=== Begin Enclosure ===

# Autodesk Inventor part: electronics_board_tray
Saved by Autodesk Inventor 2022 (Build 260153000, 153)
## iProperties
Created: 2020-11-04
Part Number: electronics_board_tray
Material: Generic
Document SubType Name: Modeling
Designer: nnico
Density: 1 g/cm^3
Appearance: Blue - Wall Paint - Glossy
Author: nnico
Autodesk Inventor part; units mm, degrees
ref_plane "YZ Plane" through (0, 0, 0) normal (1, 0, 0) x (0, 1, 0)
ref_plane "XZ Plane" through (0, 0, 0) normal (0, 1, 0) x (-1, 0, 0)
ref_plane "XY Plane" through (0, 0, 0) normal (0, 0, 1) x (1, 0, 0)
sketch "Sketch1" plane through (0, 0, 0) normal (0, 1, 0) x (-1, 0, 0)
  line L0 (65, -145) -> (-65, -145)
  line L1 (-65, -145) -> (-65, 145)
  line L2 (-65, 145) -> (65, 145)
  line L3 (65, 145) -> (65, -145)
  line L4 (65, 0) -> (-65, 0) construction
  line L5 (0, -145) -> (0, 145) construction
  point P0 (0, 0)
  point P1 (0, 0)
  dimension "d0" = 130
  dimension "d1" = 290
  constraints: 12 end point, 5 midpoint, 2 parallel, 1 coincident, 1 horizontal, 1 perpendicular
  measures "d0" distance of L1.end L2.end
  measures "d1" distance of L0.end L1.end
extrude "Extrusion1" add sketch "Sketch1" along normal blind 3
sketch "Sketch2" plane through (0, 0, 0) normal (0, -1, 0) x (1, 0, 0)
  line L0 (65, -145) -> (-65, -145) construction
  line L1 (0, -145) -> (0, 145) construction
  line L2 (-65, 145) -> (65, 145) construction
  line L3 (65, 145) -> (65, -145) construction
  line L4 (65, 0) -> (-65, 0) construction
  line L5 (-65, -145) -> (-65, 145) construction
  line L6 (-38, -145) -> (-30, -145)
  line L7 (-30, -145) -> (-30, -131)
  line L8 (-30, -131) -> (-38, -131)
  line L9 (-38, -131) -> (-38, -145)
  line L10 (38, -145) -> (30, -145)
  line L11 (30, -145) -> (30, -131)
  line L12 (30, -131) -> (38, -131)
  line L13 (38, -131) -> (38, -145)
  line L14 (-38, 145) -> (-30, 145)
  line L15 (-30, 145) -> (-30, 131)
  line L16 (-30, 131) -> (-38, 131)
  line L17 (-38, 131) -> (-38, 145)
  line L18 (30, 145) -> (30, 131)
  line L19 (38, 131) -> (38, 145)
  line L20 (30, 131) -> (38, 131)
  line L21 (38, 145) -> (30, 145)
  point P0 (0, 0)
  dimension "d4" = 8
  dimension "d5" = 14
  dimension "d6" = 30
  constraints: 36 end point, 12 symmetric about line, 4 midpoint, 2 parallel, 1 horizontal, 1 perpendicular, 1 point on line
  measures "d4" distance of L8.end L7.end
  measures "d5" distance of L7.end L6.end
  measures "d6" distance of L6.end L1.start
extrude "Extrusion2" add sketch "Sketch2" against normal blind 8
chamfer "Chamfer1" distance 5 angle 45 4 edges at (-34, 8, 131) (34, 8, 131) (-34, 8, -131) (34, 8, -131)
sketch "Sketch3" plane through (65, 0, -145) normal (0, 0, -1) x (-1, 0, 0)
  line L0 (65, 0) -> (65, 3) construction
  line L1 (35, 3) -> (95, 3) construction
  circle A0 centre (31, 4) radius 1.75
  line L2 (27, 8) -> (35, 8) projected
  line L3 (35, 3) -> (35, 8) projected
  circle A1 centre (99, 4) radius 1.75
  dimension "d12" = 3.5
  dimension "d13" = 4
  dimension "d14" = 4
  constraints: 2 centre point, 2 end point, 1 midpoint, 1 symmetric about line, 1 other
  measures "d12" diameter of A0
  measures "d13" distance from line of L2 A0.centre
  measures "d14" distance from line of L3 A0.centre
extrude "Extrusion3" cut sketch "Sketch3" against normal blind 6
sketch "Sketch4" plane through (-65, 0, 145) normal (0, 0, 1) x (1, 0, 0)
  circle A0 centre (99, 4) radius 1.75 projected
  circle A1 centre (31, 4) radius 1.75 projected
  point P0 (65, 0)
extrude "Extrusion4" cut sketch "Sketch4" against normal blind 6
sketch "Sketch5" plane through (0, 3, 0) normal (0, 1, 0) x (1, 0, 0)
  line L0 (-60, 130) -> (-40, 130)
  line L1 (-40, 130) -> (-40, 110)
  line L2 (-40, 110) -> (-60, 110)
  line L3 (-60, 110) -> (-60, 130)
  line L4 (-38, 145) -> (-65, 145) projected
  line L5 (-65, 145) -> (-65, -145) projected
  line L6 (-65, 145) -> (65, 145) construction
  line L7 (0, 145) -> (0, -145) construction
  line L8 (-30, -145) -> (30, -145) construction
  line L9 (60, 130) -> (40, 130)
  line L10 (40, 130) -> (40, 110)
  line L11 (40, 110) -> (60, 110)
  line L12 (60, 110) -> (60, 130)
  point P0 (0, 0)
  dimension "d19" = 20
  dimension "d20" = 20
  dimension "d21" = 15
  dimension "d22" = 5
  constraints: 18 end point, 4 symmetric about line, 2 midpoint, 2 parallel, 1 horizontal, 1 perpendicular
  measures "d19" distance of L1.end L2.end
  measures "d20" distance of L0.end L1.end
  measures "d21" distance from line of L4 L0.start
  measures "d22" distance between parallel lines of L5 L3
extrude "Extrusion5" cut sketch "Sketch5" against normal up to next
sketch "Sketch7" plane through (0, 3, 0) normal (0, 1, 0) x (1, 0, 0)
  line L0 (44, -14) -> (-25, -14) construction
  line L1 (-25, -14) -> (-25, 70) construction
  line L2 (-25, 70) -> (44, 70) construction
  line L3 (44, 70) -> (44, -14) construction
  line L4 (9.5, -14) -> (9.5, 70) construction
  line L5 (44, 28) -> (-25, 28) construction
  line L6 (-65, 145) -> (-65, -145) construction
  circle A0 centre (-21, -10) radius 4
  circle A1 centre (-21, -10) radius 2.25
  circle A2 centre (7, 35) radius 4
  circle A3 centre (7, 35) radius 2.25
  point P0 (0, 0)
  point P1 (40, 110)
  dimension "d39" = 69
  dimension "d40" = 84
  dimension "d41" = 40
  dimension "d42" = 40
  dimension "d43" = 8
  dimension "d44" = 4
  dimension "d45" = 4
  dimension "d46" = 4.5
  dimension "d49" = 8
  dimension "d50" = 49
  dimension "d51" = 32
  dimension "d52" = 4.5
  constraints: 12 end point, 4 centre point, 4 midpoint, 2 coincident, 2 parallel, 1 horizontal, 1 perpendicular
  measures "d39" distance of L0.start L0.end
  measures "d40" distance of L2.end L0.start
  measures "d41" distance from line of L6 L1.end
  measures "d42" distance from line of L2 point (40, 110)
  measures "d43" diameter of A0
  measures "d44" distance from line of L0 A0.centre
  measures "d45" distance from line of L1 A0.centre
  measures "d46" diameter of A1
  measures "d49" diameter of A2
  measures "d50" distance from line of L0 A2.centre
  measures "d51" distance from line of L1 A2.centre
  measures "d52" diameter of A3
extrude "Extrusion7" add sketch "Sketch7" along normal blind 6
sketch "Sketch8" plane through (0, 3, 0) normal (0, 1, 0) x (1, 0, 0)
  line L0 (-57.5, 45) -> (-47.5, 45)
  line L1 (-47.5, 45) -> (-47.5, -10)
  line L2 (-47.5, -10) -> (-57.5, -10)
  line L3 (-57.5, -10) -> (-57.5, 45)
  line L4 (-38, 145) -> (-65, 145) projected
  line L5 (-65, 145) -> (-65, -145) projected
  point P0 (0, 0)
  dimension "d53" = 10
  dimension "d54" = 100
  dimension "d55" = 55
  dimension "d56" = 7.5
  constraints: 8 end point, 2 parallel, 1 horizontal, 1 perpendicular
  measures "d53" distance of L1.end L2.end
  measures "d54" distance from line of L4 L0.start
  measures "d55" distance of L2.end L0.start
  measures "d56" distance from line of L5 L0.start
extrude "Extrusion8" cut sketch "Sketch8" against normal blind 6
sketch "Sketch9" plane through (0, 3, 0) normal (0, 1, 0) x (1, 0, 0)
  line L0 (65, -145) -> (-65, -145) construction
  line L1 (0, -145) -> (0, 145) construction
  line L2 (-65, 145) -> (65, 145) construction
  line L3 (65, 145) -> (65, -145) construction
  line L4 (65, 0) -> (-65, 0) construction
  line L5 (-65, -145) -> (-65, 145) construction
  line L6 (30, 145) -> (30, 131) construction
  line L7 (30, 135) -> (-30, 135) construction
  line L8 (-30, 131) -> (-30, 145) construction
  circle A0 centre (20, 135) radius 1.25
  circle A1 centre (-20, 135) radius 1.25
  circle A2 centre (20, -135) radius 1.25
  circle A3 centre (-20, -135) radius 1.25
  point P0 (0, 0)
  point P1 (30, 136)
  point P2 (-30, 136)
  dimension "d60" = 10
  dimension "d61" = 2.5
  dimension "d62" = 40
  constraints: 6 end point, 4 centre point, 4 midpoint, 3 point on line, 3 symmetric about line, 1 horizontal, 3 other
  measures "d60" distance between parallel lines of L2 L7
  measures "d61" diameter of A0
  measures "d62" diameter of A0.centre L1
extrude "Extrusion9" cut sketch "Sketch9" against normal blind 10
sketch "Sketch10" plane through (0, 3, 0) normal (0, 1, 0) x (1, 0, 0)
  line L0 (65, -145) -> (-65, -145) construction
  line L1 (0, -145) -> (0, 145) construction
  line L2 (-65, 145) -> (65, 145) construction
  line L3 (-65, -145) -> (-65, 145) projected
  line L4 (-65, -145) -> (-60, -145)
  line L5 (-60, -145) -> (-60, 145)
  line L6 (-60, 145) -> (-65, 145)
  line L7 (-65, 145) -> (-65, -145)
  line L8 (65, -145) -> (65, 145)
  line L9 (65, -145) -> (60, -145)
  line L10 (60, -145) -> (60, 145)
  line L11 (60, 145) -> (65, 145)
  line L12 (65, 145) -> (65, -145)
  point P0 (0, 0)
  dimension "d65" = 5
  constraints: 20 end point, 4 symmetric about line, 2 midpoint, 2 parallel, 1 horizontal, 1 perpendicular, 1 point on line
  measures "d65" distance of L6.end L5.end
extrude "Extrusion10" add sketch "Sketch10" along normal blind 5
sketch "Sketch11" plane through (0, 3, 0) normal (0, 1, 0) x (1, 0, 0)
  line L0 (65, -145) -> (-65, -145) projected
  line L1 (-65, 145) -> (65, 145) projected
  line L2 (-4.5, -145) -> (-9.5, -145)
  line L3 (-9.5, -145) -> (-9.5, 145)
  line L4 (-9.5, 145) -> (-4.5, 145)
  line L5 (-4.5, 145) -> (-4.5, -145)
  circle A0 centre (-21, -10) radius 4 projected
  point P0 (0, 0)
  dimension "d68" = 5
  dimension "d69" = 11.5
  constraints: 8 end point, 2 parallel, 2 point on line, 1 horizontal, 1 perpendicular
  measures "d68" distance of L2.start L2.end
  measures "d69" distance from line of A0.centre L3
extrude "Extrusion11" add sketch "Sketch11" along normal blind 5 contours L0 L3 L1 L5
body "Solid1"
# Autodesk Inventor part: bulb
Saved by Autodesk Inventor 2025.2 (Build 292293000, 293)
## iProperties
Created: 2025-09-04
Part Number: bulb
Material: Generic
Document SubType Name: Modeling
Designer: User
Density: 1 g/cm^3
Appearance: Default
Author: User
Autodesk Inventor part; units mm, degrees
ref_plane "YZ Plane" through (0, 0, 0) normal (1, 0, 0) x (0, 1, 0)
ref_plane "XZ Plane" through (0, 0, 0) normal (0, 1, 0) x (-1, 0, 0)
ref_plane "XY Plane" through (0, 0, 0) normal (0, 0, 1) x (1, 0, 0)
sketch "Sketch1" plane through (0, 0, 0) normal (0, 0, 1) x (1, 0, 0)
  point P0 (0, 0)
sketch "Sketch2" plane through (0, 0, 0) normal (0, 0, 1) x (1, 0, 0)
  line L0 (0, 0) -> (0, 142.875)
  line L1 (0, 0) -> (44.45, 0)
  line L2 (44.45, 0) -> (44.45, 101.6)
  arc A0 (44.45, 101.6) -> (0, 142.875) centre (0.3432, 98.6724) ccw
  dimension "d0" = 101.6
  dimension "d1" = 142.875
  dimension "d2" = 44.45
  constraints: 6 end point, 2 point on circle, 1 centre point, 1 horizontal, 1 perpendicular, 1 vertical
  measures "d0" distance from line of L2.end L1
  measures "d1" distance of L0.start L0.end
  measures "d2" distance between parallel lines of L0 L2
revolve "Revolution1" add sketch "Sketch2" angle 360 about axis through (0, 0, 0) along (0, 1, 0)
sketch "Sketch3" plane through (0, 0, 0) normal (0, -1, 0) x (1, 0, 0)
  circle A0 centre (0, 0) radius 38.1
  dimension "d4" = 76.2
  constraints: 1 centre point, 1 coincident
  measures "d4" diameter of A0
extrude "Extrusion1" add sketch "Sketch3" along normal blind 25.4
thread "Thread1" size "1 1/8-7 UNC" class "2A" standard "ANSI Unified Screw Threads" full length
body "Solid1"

=== End Enclosure ===

_INSTRUCTIONS TO FOLLOW:_ Up to and including the line that holds "Designer: nnico", reproduce the records above exactly from their first line, and give nothing else.

_EXERCISE RESULT:_
# Autodesk Inventor part: electronics_board_tray
Saved by Autodesk Inventor 2022 (Build 260153000, 153)
## iProperties
Created: 2020-11-04
Part Number: electronics_board_tray
Material: Generic
Document SubType Name: Modeling
Designer: nnico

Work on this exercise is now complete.